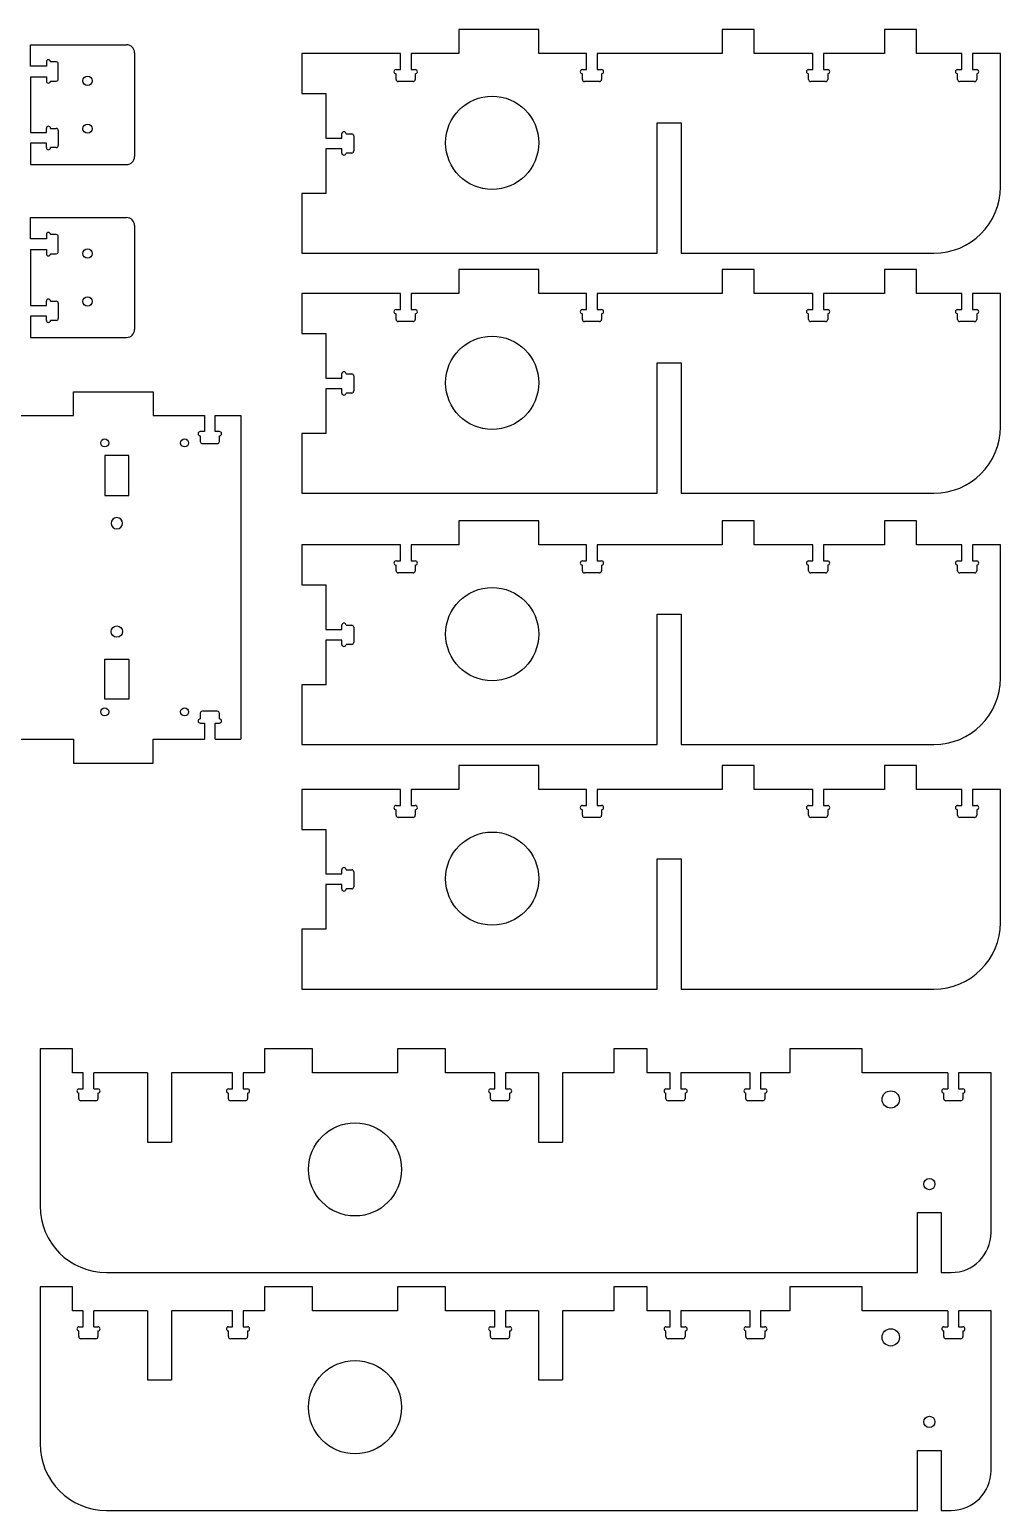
# Model space of a CAD drawing. Extents: x 54 to 2400, y 5311 to 6464.
# Drawn here: x 1670 to 2400, y 5351 to 6464 of the extents above; entities that cross this region are included whole.
import ezdxf

# ---------------------------------------------------------------- set-up
doc = ezdxf.new("R2010")
doc.units = 0
doc.layers.get('0').update_dxf_attribs({"color": 253, "linetype": 'CONTINUOUS'})

msp = doc.modelspace()

# ---------------------------------------------------------------- linework, layer by layer
at = {"color": 58}
for p, q in [((2052.5, 6463.7), (1992.5, 6463.7)), ((1992.5, 6463.7), (1992.5, 6445.7)), ((2052.5, 6445.7), (2052.5, 6463.7)), ((2214.5, 6463.7), (2190.5, 6463.7)), ((2190.5, 6463.7), (2190.5, 6445.7)), ((2214.5, 6445.7), (2214.5, 6463.7)), ((2336.5, 6463.7), (2312.5, 6463.7)), ((2312.5, 6463.7), (2312.5, 6445.7)), ((2336.5, 6445.7), (2336.5, 6463.7)), ((1670.4, 6452.3), (1742.7, 6452.3)), ((1670.4, 6436.3), (1670.4, 6452.3)), ((1748.7, 6446.3), (1748.7, 6368.3)), ((1948.5, 6445.7), (1874.5, 6445.7)), ((1874.5, 6445.7), (1874.5, 6415.7)), ((1948.5, 6433.7), (1948.5, 6445.7)), ((1956.5, 6445.7), (1956.5, 6433.7)), ((1992.5, 6445.7), (1956.5, 6445.7)), ((2088.5, 6445.7), (2052.5, 6445.7)), ((2088.5, 6433.7), (2088.5, 6445.7)), ((2190.5, 6445.7), (2096.5, 6445.7)), ((2096.5, 6445.7), (2096.5, 6433.7)), ((2258.5, 6445.7), (2214.5, 6445.7)), ((2258.5, 6433.7), (2258.5, 6445.7)), ((2312.5, 6445.7), (2266.5, 6445.7)), ((2266.5, 6445.7), (2266.5, 6433.7)), ((2370.5, 6445.7), (2336.5, 6445.7)), ((2370.5, 6433.7), (2370.5, 6445.7)), ((2399.5, 6445.7), (2378.5, 6445.7)), ((2378.5, 6445.7), (2378.5, 6433.7)), ((2399.5, 6345.7), (2399.5, 6445.7)), ((1682.4, 6436.3), (1670.4, 6436.3)), ((1682.4, 6439.5), (1682.4, 6436.3)), ((1689.8, 6439.5), (1685.6, 6439.5)), ((1691.4, 6426.7), (1691.4, 6437.9)), ((1945.3, 6433.7), (1948.5, 6433.7)), ((1945.3, 6426.3), (1945.3, 6430.5)), ((1956.5, 6433.7), (1959.7, 6433.7)), ((1959.7, 6430.5), (1959.7, 6426.3)), ((2085.3, 6433.7), (2088.5, 6433.7)), ((2085.3, 6426.3), (2085.3, 6430.5)), ((2096.5, 6433.7), (2099.7, 6433.7)), ((2099.7, 6430.5), (2099.7, 6426.3)), ((2255.3, 6433.7), (2258.5, 6433.7)), ((2255.3, 6426.3), (2255.3, 6430.5)), ((2266.5, 6433.7), (2269.7, 6433.7)), ((2269.7, 6430.5), (2269.7, 6426.3)), ((2367.3, 6433.7), (2370.5, 6433.7)), ((2367.3, 6426.3), (2367.3, 6430.5)), ((2378.5, 6433.7), (2381.7, 6433.7)), ((2381.7, 6430.5), (2381.7, 6426.3)), ((1670.4, 6428.3), (1682.4, 6428.3)), ((1670.4, 6428.3), (1670.4, 6386.3)), ((1682.4, 6428.3), (1682.4, 6425.1)), ((1685.6, 6425.1), (1689.8, 6425.1)), ((1958.1, 6424.7), (1946.9, 6424.7)), ((2098.1, 6424.7), (2086.9, 6424.7)), ((2268.1, 6424.7), (2256.9, 6424.7)), ((2380.1, 6424.7), (2368.9, 6424.7)), ((1874.5, 6415.7), (1892.5, 6415.7)), ((1892.5, 6415.7), (1892.5, 6382.2)), ((1670.4, 6386.3), (1682.4, 6386.3)), ((1682.4, 6386.3), (1682.4, 6389.5)), ((1685.6, 6389.5), (1689.8, 6389.5)), ((1691.4, 6387.9), (1691.4, 6376.7)), ((1904.5, 6382.2), (1904.5, 6385.4)), ((1907.7, 6385.4), (1911.9, 6385.4)), ((2141.5, 6295.7), (2141.5, 6393.7)), ((2141.5, 6393.7), (2159.5, 6393.7)), ((2159.5, 6393.7), (2159.5, 6295.7)), ((1670.4, 6378.3), (1670.4, 6362.3)), ((1682.4, 6378.3), (1670.4, 6378.3)), ((1682.4, 6375.1), (1682.4, 6378.3)), ((1689.8, 6375.1), (1685.6, 6375.1)), ((1892.5, 6382.2), (1904.5, 6382.2)), ((1904.5, 6374.2), (1892.5, 6374.2)), ((1892.5, 6374.2), (1892.5, 6340.7)), ((1904.5, 6371), (1904.5, 6374.2)), ((1913.5, 6383.8), (1913.5, 6372.6)), ((1911.9, 6371), (1907.7, 6371)), ((1670.4, 6362.3), (1742.7, 6362.3)), ((1892.5, 6340.7), (1874.5, 6340.7)), ((1874.5, 6340.7), (1874.5, 6295.7)), ((1670.4, 6322.5), (1742.7, 6322.5)), ((1670.4, 6306.5), (1670.4, 6322.5)), ((1682.4, 6309.7), (1682.4, 6306.5)), ((1689.8, 6309.7), (1685.6, 6309.7)), ((1691.4, 6296.9), (1691.4, 6308.1)), ((1748.7, 6316.5), (1748.7, 6238.5)), ((1682.4, 6306.5), (1670.4, 6306.5)), ((1670.4, 6298.5), (1682.4, 6298.5)), ((1670.4, 6298.5), (1670.4, 6256.5)), ((1682.4, 6298.5), (1682.4, 6295.3)), ((1685.6, 6295.3), (1689.8, 6295.3)), ((1874.5, 6295.7), (2141.5, 6295.7)), ((2159.5, 6295.7), (2349.5, 6295.7)), ((2052.5, 6283.4), (1992.5, 6283.4)), ((1992.5, 6283.4), (1992.5, 6265.4)), ((2052.5, 6265.4), (2052.5, 6283.4)), ((2214.5, 6283.4), (2190.5, 6283.4)), ((2190.5, 6283.4), (2190.5, 6265.4)), ((2214.5, 6265.4), (2214.5, 6283.4)), ((2336.5, 6283.4), (2312.5, 6283.4)), ((2312.5, 6283.4), (2312.5, 6265.4)), ((2336.5, 6265.4), (2336.5, 6283.4)), ((1948.5, 6265.4), (1874.5, 6265.4)), ((1874.5, 6265.4), (1874.5, 6235.4)), ((1948.5, 6253.4), (1948.5, 6265.4)), ((1956.5, 6265.4), (1956.5, 6253.4)), ((1992.5, 6265.4), (1956.5, 6265.4)), ((2088.5, 6265.4), (2052.5, 6265.4)), ((2088.5, 6253.4), (2088.5, 6265.4)), ((2190.5, 6265.4), (2096.5, 6265.4)), ((2096.5, 6265.4), (2096.5, 6253.4)), ((2258.5, 6265.4), (2214.5, 6265.4)), ((2258.5, 6253.4), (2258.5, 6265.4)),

════════

Transcribe the full listing above exactly, with the images removed.

# Model space of a CAD drawing. Extents: x 54 to 2400, y 5311 to 6464.
# Drawn here: x 1670 to 2400, y 5351 to 6464 of the extents above; entities that cross this region are included whole.
import ezdxf

# ---------------------------------------------------------------- set-up
doc = ezdxf.new("R2010")
doc.units = 0
doc.layers.get('0').update_dxf_attribs({"color": 253, "linetype": 'CONTINUOUS'})

msp = doc.modelspace()

# ---------------------------------------------------------------- linework, layer by layer
at = {"color": 58}
for p, q in [((2052.5, 6463.7), (1992.5, 6463.7)), ((1992.5, 6463.7), (1992.5, 6445.7)), ((2052.5, 6445.7), (2052.5, 6463.7)), ((2214.5, 6463.7), (2190.5, 6463.7)), ((2190.5, 6463.7), (2190.5, 6445.7)), ((2214.5, 6445.7), (2214.5, 6463.7)), ((2336.5, 6463.7), (2312.5, 6463.7)), ((2312.5, 6463.7), (2312.5, 6445.7)), ((2336.5, 6445.7), (2336.5, 6463.7)), ((1670.4, 6452.3), (1742.7, 6452.3)), ((1670.4, 6436.3), (1670.4, 6452.3)), ((1748.7, 6446.3), (1748.7, 6368.3)), ((1948.5, 6445.7), (1874.5, 6445.7)), ((1874.5, 6445.7), (1874.5, 6415.7)), ((1948.5, 6433.7), (1948.5, 6445.7)), ((1956.5, 6445.7), (1956.5, 6433.7)), ((1992.5, 6445.7), (1956.5, 6445.7)), ((2088.5, 6445.7), (2052.5, 6445.7)), ((2088.5, 6433.7), (2088.5, 6445.7)), ((2190.5, 6445.7), (2096.5, 6445.7)), ((2096.5, 6445.7), (2096.5, 6433.7)), ((2258.5, 6445.7), (2214.5, 6445.7)), ((2258.5, 6433.7), (2258.5, 6445.7)), ((2312.5, 6445.7), (2266.5, 6445.7)), ((2266.5, 6445.7), (2266.5, 6433.7)), ((2370.5, 6445.7), (2336.5, 6445.7)), ((2370.5, 6433.7), (2370.5, 6445.7)), ((2399.5, 6445.7), (2378.5, 6445.7)), ((2378.5, 6445.7), (2378.5, 6433.7)), ((2399.5, 6345.7), (2399.5, 6445.7)), ((1682.4, 6436.3), (1670.4, 6436.3)), ((1682.4, 6439.5), (1682.4, 6436.3)), ((1689.8, 6439.5), (1685.6, 6439.5)), ((1691.4, 6426.7), (1691.4, 6437.9)), ((1945.3, 6433.7), (1948.5, 6433.7)), ((1945.3, 6426.3), (1945.3, 6430.5)), ((1956.5, 6433.7), (1959.7, 6433.7)), ((1959.7, 6430.5), (1959.7, 6426.3)), ((2085.3, 6433.7), (2088.5, 6433.7)), ((2085.3, 6426.3), (2085.3, 6430.5)), ((2096.5, 6433.7), (2099.7, 6433.7)), ((2099.7, 6430.5), (2099.7, 6426.3)), ((2255.3, 6433.7), (2258.5, 6433.7)), ((2255.3, 6426.3), (2255.3, 6430.5)), ((2266.5, 6433.7), (2269.7, 6433.7)), ((2269.7, 6430.5), (2269.7, 6426.3)), ((2367.3, 6433.7), (2370.5, 6433.7)), ((2367.3, 6426.3), (2367.3, 6430.5)), ((2378.5, 6433.7), (2381.7, 6433.7)), ((2381.7, 6430.5), (2381.7, 6426.3)), ((1670.4, 6428.3), (1682.4, 6428.3)), ((1670.4, 6428.3), (1670.4, 6386.3)), ((1682.4, 6428.3), (1682.4, 6425.1)), ((1685.6, 6425.1), (1689.8, 6425.1)), ((1958.1, 6424.7), (1946.9, 6424.7)), ((2098.1, 6424.7), (2086.9, 6424.7)), ((2268.1, 6424.7), (2256.9, 6424.7)), ((2380.1, 6424.7), (2368.9, 6424.7)), ((1874.5, 6415.7), (1892.5, 6415.7)), ((1892.5, 6415.7), (1892.5, 6382.2)), ((1670.4, 6386.3), (1682.4, 6386.3)), ((1682.4, 6386.3), (1682.4, 6389.5)), ((1685.6, 6389.5), (1689.8, 6389.5)), ((1691.4, 6387.9), (1691.4, 6376.7)), ((1904.5, 6382.2), (1904.5, 6385.4)), ((1907.7, 6385.4), (1911.9, 6385.4)), ((2141.5, 6295.7), (2141.5, 6393.7)), ((2141.5, 6393.7), (2159.5, 6393.7)), ((2159.5, 6393.7), (2159.5, 6295.7)), ((1670.4, 6378.3), (1670.4, 6362.3)), ((1682.4, 6378.3), (1670.4, 6378.3)), ((1682.4, 6375.1), (1682.4, 6378.3)), ((1689.8, 6375.1), (1685.6, 6375.1)), ((1892.5, 6382.2), (1904.5, 6382.2)), ((1904.5, 6374.2), (1892.5, 6374.2)), ((1892.5, 6374.2), (1892.5, 6340.7)), ((1904.5, 6371), (1904.5, 6374.2)), ((1913.5, 6383.8), (1913.5, 6372.6)), ((1911.9, 6371), (1907.7, 6371)), ((1670.4, 6362.3), (1742.7, 6362.3)), ((1892.5, 6340.7), (1874.5, 6340.7)), ((1874.5, 6340.7), (1874.5, 6295.7)), ((1670.4, 6322.5), (1742.7, 6322.5)), ((1670.4, 6306.5), (1670.4, 6322.5)), ((1682.4, 6309.7), (1682.4, 6306.5)), ((1689.8, 6309.7), (1685.6, 6309.7)), ((1691.4, 6296.9), (1691.4, 6308.1)), ((1748.7, 6316.5), (1748.7, 6238.5)), ((1682.4, 6306.5), (1670.4, 6306.5)), ((1670.4, 6298.5), (1682.4, 6298.5)), ((1670.4, 6298.5), (1670.4, 6256.5)), ((1682.4, 6298.5), (1682.4, 6295.3)), ((1685.6, 6295.3), (1689.8, 6295.3)), ((1874.5, 6295.7), (2141.5, 6295.7)), ((2159.5, 6295.7), (2349.5, 6295.7)), ((2052.5, 6283.4), (1992.5, 6283.4)), ((1992.5, 6283.4), (1992.5, 6265.4)), ((2052.5, 6265.4), (2052.5, 6283.4)), ((2214.5, 6283.4), (2190.5, 6283.4)), ((2190.5, 6283.4), (2190.5, 6265.4)), ((2214.5, 6265.4), (2214.5, 6283.4)), ((2336.5, 6283.4), (2312.5, 6283.4)), ((2312.5, 6283.4), (2312.5, 6265.4)), ((2336.5, 6265.4), (2336.5, 6283.4)), ((1948.5, 6265.4), (1874.5, 6265.4)), ((1874.5, 6265.4), (1874.5, 6235.4)), ((1948.5, 6253.4), (1948.5, 6265.4)), ((1956.5, 6265.4), (1956.5, 6253.4)), ((1992.5, 6265.4), (1956.5, 6265.4)), ((2088.5, 6265.4), (2052.5, 6265.4)), ((2088.5, 6253.4), (2088.5, 6265.4)), ((2190.5, 6265.4), (2096.5, 6265.4)), ((2096.5, 6265.4), (2096.5, 6253.4)), ((2258.5, 6265.4), (2214.5, 6265.4)), ((2258.5, 6253.4), (2258.5, 6265.4)),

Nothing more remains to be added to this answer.